Here are some useful links for the Fathom event:
What an adventure is worth: I have updated the lifetime sales for my adventures and added some numbers shared with me by others. The big news is that season 4 adventures, including The Artifact, are now generating modestly more through royalties on the Guild than we would have been paid via WotC directly. Season 2’s Howling Void and my own adventure Adamantine Chef are still not at that $500 threshold. My hourly wage for Adamantine Chef is now $4.20.
Extra-Life: I am pleased to again join Wizards with their fundraising for children’s hospitals! I will be playing a 4 AM Pacific game on the morning of September 18th. Please check out my page and help if you can – this is for a great cause. Extra-Life is what brought life to this site, so I am very fond of it and the help you provided. You can donate to any of the other team members here. Thank you!!!
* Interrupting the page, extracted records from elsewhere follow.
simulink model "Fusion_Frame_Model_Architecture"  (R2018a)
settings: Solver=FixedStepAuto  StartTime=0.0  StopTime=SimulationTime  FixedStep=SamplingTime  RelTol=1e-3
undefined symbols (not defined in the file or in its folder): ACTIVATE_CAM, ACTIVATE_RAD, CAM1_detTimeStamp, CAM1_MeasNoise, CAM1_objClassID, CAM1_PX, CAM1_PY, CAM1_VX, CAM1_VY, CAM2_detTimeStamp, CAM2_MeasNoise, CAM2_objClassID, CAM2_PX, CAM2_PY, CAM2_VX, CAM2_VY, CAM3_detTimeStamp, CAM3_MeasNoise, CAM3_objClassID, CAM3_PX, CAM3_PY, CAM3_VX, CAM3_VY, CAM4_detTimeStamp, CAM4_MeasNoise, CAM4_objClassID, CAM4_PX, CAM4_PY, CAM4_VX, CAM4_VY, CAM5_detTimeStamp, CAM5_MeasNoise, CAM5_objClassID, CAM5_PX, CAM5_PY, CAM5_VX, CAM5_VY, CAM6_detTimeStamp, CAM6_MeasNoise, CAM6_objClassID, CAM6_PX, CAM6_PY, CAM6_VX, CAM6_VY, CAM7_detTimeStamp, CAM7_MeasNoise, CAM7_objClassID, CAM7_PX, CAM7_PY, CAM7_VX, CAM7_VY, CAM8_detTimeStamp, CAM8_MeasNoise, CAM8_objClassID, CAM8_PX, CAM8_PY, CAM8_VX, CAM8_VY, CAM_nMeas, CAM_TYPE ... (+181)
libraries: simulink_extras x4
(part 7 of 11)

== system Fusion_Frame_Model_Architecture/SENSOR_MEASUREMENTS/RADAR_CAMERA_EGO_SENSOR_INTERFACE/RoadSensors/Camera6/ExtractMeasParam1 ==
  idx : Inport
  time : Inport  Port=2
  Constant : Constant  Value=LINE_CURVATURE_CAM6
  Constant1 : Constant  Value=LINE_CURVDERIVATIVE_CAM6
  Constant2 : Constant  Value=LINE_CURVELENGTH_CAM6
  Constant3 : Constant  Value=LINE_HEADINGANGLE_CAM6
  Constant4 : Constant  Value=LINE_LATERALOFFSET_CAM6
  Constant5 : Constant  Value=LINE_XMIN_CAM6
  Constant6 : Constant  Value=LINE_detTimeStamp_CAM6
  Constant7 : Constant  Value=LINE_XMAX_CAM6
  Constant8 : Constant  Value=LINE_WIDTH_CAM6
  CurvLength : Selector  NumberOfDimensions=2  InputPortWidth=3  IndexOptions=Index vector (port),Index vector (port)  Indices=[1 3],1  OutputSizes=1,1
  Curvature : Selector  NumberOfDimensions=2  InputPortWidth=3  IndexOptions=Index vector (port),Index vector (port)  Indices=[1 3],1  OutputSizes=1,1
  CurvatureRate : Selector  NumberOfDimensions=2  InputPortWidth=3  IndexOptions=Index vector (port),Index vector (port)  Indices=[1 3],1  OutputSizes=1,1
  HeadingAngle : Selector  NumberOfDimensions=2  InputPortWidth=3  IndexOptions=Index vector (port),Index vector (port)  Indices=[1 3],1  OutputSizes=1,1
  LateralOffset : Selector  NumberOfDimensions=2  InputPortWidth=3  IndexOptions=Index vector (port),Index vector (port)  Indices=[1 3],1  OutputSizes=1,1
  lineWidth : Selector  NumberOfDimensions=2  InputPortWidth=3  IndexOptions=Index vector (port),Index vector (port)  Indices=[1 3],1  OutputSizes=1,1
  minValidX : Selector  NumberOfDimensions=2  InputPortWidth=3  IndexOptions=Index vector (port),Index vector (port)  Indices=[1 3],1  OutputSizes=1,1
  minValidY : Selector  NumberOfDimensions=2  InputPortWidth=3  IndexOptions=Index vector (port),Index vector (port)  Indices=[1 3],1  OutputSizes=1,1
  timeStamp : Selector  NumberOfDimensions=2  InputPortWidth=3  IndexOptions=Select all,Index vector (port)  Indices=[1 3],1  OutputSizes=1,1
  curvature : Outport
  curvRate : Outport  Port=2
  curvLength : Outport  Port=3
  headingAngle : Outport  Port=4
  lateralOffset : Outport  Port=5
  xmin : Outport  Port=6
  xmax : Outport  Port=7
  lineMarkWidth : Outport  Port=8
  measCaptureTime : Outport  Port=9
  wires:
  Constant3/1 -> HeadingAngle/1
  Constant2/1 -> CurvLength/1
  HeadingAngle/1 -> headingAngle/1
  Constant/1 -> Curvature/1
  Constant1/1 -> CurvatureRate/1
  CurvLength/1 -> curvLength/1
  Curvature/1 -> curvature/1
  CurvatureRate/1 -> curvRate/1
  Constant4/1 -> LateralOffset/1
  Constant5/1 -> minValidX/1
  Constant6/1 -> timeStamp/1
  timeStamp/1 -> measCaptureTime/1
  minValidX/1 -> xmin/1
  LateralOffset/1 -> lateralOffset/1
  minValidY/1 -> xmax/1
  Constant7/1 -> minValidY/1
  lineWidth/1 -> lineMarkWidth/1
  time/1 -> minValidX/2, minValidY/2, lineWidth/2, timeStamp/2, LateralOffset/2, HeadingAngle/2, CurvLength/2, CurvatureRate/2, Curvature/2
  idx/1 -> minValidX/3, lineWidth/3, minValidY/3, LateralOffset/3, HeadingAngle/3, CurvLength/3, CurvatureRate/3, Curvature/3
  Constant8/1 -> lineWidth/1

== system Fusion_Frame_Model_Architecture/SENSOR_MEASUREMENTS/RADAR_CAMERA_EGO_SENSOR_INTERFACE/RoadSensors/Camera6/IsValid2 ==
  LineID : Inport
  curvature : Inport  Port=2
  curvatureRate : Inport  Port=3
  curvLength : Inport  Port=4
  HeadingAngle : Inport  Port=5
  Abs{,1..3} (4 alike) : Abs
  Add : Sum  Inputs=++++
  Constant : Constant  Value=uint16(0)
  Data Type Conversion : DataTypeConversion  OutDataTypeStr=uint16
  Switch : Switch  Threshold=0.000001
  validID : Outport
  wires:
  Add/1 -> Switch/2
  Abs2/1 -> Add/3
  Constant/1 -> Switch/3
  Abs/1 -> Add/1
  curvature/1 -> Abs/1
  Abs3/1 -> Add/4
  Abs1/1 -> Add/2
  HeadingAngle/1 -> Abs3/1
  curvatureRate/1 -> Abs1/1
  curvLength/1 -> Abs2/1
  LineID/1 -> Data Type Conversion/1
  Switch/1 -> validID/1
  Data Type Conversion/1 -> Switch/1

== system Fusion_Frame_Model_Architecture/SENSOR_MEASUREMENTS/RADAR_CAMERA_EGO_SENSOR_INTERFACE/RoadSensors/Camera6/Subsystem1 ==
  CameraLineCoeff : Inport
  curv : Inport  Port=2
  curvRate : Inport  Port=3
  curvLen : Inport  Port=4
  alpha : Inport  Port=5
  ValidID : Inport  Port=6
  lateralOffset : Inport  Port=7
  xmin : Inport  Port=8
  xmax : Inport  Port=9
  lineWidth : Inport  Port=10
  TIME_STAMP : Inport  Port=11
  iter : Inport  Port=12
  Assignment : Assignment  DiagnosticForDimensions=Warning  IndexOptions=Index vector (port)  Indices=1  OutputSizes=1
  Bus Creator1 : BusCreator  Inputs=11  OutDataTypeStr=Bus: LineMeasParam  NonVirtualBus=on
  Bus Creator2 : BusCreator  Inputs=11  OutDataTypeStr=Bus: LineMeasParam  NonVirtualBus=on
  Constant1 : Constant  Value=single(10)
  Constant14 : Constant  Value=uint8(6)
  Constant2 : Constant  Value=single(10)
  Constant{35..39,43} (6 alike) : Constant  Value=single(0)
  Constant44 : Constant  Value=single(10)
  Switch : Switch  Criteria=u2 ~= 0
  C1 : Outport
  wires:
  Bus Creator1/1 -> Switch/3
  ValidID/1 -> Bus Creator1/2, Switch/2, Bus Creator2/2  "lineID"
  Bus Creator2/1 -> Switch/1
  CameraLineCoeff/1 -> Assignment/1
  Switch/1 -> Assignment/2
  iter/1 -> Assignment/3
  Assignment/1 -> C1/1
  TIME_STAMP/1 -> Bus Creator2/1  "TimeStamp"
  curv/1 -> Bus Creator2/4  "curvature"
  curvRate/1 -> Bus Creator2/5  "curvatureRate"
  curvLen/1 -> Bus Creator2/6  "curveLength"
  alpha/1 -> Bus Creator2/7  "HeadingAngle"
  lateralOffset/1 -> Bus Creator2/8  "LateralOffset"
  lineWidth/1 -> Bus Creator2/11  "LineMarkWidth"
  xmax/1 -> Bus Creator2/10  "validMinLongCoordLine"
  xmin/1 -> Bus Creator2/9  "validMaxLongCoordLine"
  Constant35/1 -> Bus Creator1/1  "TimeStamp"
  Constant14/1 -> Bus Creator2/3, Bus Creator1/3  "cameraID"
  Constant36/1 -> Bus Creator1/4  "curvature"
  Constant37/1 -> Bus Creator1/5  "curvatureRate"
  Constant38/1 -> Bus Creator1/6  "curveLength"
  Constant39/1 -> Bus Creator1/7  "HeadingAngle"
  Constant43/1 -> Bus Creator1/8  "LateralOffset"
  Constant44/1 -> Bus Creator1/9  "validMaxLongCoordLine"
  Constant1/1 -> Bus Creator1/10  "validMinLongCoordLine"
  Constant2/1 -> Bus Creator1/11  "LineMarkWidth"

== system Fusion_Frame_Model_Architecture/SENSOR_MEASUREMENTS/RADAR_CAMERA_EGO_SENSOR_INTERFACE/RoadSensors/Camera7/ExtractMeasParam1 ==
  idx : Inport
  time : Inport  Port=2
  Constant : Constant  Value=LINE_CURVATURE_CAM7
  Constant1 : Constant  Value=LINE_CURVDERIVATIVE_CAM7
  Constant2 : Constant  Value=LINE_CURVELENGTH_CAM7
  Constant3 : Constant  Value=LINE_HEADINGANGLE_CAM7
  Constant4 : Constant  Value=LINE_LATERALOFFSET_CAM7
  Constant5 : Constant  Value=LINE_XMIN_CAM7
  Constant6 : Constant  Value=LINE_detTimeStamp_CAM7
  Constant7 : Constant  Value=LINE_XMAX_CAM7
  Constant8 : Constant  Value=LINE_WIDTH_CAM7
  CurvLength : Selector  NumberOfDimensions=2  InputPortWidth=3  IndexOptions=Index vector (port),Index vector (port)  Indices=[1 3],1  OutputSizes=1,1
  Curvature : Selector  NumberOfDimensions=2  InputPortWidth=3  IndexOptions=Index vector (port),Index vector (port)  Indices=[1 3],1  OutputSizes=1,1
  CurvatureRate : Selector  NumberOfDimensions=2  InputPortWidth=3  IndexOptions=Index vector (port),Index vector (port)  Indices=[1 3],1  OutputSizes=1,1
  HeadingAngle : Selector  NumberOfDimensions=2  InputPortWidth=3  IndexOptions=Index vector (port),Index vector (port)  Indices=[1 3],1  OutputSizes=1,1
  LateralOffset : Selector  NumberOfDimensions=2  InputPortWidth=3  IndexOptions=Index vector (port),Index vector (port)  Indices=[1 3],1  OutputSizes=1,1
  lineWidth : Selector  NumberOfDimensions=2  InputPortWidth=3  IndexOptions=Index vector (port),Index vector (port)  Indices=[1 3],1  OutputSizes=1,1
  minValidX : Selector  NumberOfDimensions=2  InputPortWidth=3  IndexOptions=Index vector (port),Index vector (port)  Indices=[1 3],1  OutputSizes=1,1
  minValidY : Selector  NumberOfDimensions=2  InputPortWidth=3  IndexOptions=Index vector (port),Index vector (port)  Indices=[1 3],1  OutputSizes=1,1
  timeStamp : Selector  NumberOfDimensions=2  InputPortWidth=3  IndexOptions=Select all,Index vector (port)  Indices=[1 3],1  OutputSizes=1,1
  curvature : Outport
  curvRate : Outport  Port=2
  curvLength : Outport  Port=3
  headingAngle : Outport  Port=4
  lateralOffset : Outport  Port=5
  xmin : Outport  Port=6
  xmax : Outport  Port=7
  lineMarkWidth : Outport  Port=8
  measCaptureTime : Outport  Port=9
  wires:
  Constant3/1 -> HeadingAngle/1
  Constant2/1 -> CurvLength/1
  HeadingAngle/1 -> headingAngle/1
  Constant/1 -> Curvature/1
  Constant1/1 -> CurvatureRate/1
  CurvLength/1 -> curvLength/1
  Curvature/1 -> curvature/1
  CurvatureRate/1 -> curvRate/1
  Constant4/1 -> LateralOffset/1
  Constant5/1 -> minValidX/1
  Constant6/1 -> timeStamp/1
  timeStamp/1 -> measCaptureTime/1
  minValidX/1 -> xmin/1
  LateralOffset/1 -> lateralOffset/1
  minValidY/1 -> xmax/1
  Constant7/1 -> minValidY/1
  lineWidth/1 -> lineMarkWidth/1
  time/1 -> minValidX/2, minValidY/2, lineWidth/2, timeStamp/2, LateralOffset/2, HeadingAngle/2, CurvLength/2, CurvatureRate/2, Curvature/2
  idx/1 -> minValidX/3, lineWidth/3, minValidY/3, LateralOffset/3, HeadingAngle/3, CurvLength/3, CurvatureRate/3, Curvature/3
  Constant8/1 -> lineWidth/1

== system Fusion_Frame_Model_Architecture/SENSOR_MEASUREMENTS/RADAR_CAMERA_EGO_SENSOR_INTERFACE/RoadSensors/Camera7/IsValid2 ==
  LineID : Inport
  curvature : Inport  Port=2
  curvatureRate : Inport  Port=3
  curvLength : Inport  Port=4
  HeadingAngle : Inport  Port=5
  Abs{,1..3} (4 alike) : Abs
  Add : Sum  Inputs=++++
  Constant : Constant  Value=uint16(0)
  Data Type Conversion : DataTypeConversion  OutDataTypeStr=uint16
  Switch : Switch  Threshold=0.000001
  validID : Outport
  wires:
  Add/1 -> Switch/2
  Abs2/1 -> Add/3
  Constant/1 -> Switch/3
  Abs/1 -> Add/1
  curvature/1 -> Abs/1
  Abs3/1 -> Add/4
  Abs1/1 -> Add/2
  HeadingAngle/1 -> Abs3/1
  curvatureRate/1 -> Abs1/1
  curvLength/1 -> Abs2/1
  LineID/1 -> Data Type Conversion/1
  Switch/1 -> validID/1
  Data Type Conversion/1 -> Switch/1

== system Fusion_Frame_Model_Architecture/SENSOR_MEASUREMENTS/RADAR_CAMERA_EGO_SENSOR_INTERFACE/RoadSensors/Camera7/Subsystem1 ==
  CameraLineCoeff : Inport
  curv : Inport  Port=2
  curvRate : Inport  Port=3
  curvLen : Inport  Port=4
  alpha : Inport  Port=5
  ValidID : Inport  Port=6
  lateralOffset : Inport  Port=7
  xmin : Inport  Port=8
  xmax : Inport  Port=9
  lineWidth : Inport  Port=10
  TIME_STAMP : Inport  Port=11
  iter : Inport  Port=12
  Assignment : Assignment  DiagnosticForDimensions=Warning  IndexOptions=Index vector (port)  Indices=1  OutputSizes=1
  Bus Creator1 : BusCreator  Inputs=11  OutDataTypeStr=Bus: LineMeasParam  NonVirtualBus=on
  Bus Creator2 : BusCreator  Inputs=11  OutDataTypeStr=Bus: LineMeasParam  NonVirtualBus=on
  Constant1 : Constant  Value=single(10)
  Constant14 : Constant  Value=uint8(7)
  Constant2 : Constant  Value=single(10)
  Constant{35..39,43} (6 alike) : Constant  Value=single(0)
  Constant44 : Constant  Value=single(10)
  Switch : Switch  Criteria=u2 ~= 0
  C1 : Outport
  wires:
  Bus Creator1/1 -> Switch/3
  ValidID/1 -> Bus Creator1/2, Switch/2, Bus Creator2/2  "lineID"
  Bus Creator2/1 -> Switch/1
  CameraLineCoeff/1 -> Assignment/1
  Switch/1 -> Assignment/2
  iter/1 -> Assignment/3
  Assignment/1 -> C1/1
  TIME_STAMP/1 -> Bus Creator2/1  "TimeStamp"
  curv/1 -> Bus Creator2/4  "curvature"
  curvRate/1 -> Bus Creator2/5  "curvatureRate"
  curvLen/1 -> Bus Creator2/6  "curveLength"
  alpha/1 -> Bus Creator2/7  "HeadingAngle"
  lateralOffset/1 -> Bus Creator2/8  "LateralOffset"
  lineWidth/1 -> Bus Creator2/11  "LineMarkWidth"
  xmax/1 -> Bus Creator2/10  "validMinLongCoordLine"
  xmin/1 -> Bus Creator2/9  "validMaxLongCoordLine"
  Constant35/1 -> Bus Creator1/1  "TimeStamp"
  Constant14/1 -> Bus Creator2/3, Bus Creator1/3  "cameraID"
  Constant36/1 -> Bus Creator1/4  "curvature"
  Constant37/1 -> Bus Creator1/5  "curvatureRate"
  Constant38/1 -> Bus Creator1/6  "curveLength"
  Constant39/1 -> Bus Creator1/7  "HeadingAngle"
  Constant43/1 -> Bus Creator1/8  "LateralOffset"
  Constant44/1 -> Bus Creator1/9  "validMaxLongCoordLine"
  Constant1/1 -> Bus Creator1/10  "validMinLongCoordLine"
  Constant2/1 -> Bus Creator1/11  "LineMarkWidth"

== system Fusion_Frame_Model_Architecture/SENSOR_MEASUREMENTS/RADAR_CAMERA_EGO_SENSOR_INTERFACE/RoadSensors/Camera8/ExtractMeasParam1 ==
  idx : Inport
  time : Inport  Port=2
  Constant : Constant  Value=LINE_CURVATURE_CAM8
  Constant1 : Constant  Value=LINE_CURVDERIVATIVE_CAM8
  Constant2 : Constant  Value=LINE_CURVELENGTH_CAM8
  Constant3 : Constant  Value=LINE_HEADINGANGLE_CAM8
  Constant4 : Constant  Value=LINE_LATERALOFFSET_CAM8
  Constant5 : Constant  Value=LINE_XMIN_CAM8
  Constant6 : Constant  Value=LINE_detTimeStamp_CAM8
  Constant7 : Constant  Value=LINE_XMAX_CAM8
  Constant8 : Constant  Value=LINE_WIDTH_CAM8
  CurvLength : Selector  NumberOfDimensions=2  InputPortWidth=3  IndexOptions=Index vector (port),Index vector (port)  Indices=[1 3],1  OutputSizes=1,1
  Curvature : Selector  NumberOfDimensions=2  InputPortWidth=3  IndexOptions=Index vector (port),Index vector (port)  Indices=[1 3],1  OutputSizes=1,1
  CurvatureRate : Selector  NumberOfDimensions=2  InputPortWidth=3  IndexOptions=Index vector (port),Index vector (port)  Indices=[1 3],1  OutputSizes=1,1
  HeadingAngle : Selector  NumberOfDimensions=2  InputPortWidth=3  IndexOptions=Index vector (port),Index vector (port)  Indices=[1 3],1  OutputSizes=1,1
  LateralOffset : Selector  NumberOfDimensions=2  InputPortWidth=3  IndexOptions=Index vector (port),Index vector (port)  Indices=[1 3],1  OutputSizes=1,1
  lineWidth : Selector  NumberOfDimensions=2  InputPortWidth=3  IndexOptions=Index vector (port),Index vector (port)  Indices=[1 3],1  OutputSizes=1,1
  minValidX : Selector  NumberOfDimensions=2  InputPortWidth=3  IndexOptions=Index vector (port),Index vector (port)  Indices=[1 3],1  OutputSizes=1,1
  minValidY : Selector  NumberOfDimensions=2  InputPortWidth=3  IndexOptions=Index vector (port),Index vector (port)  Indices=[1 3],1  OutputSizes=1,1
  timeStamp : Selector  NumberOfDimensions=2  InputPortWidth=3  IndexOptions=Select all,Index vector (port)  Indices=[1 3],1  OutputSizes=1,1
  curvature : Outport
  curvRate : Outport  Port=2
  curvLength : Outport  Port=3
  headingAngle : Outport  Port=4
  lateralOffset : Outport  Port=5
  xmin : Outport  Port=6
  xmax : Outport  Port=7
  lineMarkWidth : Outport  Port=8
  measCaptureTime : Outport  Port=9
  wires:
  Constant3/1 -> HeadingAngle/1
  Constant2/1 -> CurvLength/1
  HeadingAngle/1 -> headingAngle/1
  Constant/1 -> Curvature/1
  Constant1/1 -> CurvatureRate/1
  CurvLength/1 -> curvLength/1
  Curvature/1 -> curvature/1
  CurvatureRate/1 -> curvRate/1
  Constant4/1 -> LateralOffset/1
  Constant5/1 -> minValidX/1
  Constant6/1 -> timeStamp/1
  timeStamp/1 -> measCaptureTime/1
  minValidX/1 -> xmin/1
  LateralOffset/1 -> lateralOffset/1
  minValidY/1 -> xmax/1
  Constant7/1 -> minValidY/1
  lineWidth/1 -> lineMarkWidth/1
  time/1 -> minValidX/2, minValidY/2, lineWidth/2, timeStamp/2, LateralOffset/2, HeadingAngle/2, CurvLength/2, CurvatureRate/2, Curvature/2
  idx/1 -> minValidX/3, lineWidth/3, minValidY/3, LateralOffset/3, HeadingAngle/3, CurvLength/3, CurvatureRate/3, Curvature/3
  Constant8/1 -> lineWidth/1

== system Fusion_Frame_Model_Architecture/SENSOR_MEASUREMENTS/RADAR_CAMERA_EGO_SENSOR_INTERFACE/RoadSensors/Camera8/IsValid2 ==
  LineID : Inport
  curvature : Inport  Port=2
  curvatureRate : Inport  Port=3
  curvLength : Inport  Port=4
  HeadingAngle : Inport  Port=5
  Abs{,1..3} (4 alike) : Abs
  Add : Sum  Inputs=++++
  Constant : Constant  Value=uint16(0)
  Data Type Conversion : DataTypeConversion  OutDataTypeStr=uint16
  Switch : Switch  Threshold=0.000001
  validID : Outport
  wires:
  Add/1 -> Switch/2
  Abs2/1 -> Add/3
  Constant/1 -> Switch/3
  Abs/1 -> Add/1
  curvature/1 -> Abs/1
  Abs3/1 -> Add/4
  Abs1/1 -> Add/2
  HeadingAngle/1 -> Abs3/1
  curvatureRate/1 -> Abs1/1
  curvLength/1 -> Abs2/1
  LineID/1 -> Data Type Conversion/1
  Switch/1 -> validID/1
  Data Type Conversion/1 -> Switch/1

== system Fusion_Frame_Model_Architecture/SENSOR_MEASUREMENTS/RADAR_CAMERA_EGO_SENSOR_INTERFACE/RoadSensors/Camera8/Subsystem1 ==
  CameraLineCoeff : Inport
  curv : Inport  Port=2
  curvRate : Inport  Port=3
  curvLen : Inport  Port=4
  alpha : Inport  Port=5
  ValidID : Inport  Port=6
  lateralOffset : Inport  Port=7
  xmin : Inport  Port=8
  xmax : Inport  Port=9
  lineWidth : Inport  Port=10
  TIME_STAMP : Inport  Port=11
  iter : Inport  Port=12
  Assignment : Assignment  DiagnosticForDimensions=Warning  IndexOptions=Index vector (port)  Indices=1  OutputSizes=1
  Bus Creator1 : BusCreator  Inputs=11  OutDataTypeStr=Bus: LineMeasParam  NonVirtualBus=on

Lifetime 5E PHB sales: Mike Mearls shared on Twitter that 5E PHB sales have exceeded the lifetime sales for the PHB from 3E, 3.5E, and 4E. Details on 1E and 2E are less clear, making it harder to measure. But, the 5E sales are likely to be at least very close to those numbers, if the claims of Ryan Dancey (who has a reputation for being louder than he is accurate) are at all true. In 2011, Dancey wrote at The Escapist “[3rd edition] was the most successful RPG published since the early years of 1st edition AD&D,” “It outsold the core books of 2nd edition AD&D by a wide margin.” And, later he wrote “The one thing I can tell you is that when TSR did the transition from 1e to 2e in 1998, they sold 289,000 Player’s Handbooks in 1998. We sold 300,000 3e Players Handbooks in about 30 days. And the trajectory of the rest of the product line mimicked the PHB.” If 5E is beating 3E, then it stands to reason it is doing very well against 2E as well. Any way you look at it, the success of 5E is impressive.
Click the image above to see it full-size!
I am at a movie theatre in Salem, Oregon. They say they never received the adventure. Is there a way that we can produce a ticket and get the copy?
This unfortunately seems to have happened at several theaters. EN World has some info here
As I understand it, this was a Fathom issue, and hopefully they respond soon and find ways to get the adventures to those who attended. I am really sorry to hear about the problem.
Good news! Wizards has posted about this and will send out copies. Also, you can contact the local theaters as some of them seem to have received the adventure late. They may have copies.